### Work task
Begin at the top of the records below and print each line exactly until the line containing "OUT settings: SaveName=OUT" has been printed; any pictures are to be left out.

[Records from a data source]
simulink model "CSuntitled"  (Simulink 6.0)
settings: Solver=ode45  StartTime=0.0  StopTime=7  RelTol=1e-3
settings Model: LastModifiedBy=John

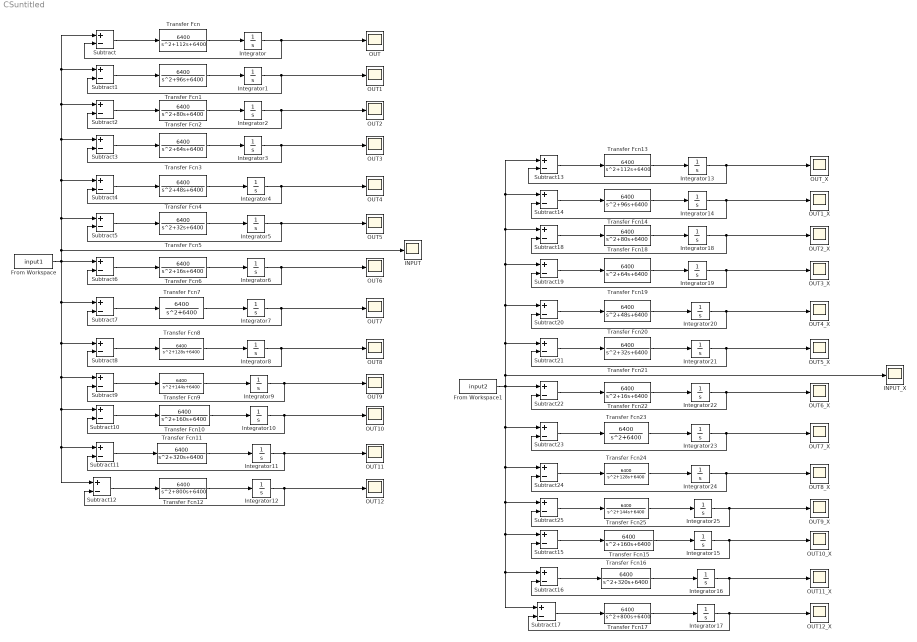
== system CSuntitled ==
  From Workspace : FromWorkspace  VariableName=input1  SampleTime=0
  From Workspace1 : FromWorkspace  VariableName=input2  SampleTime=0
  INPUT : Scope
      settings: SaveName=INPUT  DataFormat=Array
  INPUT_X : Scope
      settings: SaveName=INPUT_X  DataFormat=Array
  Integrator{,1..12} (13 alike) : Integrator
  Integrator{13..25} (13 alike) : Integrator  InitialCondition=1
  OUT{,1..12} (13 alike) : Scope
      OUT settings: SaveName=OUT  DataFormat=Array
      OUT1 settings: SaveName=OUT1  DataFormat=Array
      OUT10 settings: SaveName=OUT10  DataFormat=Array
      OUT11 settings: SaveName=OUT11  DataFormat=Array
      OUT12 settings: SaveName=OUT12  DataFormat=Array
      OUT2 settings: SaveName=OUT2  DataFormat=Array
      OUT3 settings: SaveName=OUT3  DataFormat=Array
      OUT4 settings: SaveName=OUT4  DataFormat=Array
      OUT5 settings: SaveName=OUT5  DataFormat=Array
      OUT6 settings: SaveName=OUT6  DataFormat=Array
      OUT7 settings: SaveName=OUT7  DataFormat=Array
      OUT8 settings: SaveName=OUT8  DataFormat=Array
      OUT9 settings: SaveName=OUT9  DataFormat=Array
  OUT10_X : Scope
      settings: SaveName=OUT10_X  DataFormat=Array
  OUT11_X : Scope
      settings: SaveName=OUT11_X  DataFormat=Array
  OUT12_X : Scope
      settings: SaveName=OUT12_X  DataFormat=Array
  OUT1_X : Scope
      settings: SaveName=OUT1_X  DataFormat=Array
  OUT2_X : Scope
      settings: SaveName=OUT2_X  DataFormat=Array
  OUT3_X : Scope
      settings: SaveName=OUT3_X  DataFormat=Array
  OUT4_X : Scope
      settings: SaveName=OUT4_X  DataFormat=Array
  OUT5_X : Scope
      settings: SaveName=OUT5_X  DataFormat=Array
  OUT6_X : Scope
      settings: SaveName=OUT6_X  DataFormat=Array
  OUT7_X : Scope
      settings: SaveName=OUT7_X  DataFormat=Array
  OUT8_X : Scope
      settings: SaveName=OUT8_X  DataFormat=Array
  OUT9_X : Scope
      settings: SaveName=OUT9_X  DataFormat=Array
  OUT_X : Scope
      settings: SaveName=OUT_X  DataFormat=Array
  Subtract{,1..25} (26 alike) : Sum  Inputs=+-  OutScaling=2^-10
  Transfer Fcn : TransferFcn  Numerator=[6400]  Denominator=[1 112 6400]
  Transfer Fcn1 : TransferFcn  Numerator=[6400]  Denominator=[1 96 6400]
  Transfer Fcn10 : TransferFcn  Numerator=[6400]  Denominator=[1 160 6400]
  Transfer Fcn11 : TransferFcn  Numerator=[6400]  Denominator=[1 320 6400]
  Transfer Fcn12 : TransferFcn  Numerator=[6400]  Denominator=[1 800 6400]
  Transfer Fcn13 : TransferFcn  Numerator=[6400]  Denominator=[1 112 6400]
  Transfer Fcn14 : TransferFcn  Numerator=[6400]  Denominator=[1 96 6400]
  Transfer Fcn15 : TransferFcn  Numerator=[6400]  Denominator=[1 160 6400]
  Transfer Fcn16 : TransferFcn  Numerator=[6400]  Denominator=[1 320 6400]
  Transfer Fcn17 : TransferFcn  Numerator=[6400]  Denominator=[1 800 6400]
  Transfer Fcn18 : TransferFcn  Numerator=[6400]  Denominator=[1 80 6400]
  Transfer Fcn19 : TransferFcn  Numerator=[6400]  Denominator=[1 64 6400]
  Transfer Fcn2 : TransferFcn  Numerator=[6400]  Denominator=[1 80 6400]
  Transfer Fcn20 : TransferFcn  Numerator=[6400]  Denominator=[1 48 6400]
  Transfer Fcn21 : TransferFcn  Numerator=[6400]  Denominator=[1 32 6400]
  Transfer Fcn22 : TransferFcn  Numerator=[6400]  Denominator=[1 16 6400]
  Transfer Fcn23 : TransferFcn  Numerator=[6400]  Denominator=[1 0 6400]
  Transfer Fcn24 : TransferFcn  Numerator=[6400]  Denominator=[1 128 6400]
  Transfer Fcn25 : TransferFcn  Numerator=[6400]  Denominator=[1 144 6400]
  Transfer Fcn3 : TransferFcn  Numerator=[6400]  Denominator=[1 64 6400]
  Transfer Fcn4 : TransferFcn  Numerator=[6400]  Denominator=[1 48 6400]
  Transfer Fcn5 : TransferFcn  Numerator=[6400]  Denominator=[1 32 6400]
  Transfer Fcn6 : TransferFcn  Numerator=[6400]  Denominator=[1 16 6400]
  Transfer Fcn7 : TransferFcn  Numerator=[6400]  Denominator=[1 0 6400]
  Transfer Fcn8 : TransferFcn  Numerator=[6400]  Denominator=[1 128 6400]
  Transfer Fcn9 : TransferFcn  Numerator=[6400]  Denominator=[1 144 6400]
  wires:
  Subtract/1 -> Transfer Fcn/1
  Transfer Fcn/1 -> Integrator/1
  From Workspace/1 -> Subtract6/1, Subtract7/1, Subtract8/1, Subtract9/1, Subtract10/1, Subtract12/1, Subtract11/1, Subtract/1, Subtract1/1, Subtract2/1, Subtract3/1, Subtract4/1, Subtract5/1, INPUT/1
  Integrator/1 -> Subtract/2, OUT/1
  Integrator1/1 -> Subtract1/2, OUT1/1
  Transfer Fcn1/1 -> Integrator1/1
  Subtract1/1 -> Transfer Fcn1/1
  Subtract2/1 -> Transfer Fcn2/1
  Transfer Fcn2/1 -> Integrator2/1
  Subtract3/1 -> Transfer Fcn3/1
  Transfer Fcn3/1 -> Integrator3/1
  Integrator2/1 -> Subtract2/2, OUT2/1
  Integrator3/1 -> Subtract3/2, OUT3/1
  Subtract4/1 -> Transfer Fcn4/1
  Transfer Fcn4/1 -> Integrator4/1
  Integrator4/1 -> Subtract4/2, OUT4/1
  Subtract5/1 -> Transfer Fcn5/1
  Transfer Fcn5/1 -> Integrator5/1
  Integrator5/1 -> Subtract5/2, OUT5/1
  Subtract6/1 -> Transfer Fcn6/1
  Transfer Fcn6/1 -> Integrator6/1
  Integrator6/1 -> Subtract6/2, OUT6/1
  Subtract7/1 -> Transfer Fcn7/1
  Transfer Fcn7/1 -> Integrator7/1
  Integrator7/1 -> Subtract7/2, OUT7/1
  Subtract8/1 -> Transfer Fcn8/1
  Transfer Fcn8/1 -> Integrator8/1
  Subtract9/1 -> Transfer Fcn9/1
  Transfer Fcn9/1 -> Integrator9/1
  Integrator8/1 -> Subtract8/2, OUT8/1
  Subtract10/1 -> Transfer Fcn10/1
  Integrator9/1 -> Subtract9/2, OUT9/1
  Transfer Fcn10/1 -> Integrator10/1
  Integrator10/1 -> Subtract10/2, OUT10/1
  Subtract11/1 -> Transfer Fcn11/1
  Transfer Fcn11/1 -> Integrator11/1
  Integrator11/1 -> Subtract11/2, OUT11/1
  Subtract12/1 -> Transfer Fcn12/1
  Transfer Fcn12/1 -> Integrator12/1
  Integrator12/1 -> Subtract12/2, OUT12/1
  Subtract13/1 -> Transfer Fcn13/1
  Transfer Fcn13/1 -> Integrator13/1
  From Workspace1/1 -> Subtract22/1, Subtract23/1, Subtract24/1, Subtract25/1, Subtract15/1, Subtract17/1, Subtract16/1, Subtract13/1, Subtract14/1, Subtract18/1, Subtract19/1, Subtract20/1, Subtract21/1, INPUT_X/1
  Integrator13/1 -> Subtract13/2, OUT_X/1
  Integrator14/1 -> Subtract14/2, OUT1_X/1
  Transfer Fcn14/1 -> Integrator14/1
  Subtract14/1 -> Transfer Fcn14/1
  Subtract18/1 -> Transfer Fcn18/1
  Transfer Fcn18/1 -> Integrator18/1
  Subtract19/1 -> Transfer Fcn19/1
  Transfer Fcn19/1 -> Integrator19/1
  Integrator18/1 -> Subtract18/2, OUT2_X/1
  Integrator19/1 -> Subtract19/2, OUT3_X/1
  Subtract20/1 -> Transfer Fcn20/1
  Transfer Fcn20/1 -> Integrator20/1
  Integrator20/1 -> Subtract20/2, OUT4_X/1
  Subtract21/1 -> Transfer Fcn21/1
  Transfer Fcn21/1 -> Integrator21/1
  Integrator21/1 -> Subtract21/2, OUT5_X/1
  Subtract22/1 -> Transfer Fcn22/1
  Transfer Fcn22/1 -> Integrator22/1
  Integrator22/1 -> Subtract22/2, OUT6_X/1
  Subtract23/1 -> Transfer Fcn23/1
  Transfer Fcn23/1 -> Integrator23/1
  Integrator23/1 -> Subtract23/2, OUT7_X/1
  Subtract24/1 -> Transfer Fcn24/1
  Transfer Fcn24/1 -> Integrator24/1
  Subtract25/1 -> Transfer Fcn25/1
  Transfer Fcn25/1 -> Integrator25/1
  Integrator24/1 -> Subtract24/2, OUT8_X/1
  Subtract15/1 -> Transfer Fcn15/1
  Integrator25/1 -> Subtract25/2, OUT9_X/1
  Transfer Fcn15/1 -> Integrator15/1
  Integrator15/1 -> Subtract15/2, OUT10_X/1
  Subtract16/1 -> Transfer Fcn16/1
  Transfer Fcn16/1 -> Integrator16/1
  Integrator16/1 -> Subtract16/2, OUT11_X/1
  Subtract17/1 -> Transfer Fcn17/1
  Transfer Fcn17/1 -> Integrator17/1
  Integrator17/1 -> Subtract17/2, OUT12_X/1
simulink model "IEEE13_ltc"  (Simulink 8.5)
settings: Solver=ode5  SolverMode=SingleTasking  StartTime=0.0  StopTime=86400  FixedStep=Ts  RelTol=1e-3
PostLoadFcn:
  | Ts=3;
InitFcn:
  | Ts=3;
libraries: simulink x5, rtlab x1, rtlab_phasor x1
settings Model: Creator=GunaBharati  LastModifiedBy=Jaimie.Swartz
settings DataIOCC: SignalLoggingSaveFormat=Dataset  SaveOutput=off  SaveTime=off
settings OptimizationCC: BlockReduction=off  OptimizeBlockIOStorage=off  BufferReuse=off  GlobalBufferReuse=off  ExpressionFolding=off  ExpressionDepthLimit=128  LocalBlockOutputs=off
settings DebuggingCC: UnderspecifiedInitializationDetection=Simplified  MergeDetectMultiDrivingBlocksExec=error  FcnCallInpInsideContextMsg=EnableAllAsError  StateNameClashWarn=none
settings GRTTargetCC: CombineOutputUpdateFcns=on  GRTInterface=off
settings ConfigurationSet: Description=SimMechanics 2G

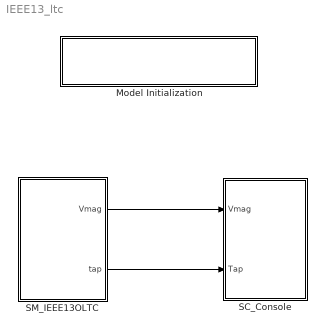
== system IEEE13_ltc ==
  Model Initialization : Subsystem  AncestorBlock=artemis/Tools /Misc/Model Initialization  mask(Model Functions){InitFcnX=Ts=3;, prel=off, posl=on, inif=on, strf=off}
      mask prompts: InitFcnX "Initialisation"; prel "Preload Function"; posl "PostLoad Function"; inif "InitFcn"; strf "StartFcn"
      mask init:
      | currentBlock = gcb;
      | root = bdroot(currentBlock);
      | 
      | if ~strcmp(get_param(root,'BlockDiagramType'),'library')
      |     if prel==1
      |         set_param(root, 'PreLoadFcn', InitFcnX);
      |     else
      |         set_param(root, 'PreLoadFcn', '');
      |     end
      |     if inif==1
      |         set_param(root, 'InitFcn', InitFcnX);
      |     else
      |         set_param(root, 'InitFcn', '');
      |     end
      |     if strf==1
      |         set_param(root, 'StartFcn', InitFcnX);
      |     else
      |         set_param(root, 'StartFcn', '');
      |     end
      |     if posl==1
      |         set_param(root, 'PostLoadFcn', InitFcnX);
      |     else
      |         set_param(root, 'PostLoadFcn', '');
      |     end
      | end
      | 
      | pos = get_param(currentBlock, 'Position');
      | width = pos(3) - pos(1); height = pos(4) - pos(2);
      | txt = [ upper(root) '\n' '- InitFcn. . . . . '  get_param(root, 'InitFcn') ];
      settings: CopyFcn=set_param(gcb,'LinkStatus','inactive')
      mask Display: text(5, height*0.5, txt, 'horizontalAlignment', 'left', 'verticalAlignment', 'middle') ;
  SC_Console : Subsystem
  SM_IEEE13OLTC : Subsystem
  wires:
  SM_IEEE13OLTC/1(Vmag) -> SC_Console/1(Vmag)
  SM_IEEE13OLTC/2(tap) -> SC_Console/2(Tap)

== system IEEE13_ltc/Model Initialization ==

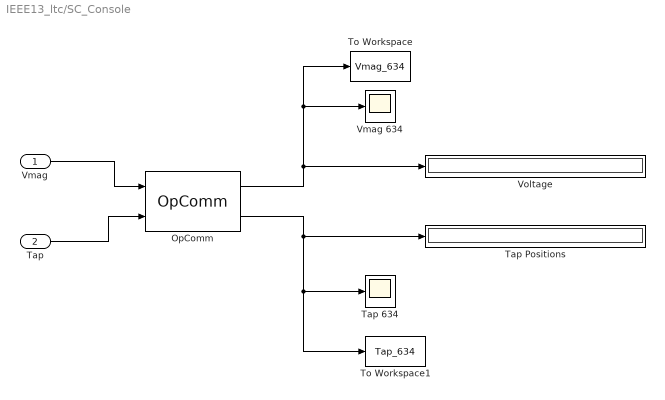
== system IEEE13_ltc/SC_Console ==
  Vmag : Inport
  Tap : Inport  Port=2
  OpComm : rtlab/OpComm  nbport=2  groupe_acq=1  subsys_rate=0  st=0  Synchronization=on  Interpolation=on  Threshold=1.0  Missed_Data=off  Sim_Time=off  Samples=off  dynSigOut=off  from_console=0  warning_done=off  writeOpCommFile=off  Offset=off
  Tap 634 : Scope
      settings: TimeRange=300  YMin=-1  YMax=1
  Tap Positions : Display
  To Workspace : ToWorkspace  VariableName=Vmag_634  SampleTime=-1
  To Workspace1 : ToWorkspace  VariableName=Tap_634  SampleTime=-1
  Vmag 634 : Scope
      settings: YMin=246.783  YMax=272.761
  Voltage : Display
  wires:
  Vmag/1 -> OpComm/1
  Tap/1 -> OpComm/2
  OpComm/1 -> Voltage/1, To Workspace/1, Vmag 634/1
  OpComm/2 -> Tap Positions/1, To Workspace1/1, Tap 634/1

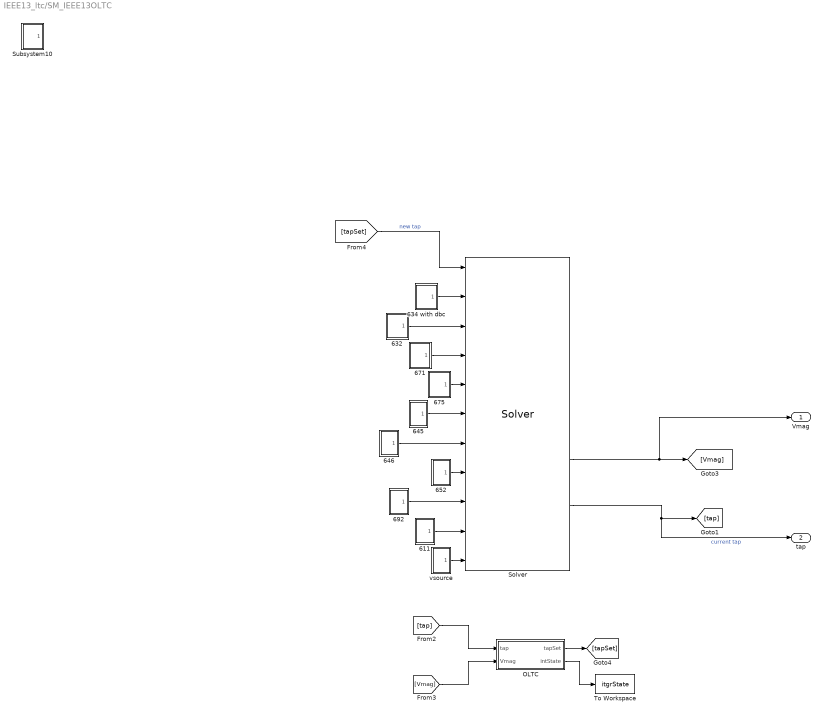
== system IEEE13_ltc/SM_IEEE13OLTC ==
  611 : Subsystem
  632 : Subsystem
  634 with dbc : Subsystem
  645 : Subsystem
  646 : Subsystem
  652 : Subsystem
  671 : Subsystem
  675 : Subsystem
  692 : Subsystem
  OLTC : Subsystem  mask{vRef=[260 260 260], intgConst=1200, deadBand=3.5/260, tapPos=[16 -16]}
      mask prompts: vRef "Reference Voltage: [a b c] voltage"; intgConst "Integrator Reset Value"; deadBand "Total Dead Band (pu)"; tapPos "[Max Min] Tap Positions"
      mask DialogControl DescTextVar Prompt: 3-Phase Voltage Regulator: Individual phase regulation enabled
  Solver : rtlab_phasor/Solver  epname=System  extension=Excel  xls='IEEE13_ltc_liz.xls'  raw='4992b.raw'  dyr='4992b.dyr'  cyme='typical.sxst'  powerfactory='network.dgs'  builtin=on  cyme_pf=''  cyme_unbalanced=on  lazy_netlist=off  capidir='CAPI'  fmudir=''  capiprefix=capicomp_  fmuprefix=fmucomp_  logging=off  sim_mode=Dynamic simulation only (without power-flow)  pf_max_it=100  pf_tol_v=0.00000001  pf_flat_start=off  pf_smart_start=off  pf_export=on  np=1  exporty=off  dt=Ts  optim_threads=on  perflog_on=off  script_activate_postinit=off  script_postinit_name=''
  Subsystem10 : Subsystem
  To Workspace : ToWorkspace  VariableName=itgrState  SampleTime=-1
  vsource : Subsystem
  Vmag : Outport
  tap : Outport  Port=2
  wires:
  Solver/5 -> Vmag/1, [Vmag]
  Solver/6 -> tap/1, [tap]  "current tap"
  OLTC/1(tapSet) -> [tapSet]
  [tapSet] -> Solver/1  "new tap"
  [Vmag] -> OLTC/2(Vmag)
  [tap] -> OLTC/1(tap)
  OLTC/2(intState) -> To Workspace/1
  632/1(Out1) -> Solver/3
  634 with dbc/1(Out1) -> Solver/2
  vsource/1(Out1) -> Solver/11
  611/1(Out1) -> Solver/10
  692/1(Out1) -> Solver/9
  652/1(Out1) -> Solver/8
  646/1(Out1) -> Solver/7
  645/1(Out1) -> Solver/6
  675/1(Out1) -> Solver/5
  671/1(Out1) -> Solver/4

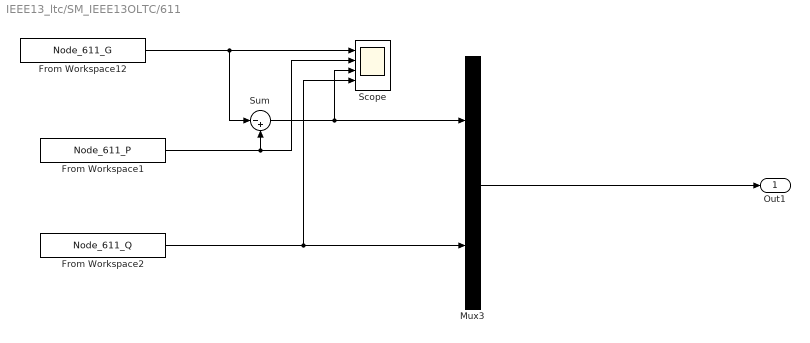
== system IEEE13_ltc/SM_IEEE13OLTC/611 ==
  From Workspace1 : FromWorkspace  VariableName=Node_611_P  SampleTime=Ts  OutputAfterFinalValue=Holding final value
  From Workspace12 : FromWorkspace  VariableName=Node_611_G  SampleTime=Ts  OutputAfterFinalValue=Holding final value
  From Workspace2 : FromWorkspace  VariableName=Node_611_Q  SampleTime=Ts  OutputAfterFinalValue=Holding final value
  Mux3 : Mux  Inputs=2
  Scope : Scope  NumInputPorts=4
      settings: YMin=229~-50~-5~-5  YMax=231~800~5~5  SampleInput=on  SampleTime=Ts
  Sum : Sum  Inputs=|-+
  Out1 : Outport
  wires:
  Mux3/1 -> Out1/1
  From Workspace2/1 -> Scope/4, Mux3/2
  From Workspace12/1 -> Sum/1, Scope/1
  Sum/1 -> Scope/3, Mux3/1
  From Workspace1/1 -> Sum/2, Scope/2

### Response to this task
simulink model "CSuntitled"  (Simulink 6.0)
settings: Solver=ode45  StartTime=0.0  StopTime=7  RelTol=1e-3
settings Model: LastModifiedBy=John

== system CSuntitled ==
  From Workspace : FromWorkspace  VariableName=input1  SampleTime=0
  From Workspace1 : FromWorkspace  VariableName=input2  SampleTime=0
  INPUT : Scope
      settings: SaveName=INPUT  DataFormat=Array
  INPUT_X : Scope
      settings: SaveName=INPUT_X  DataFormat=Array
  Integrator{,1..12} (13 alike) : Integrator
  Integrator{13..25} (13 alike) : Integrator  InitialCondition=1
  OUT{,1..12} (13 alike) : Scope
      OUT settings: SaveName=OUT  DataFormat=Array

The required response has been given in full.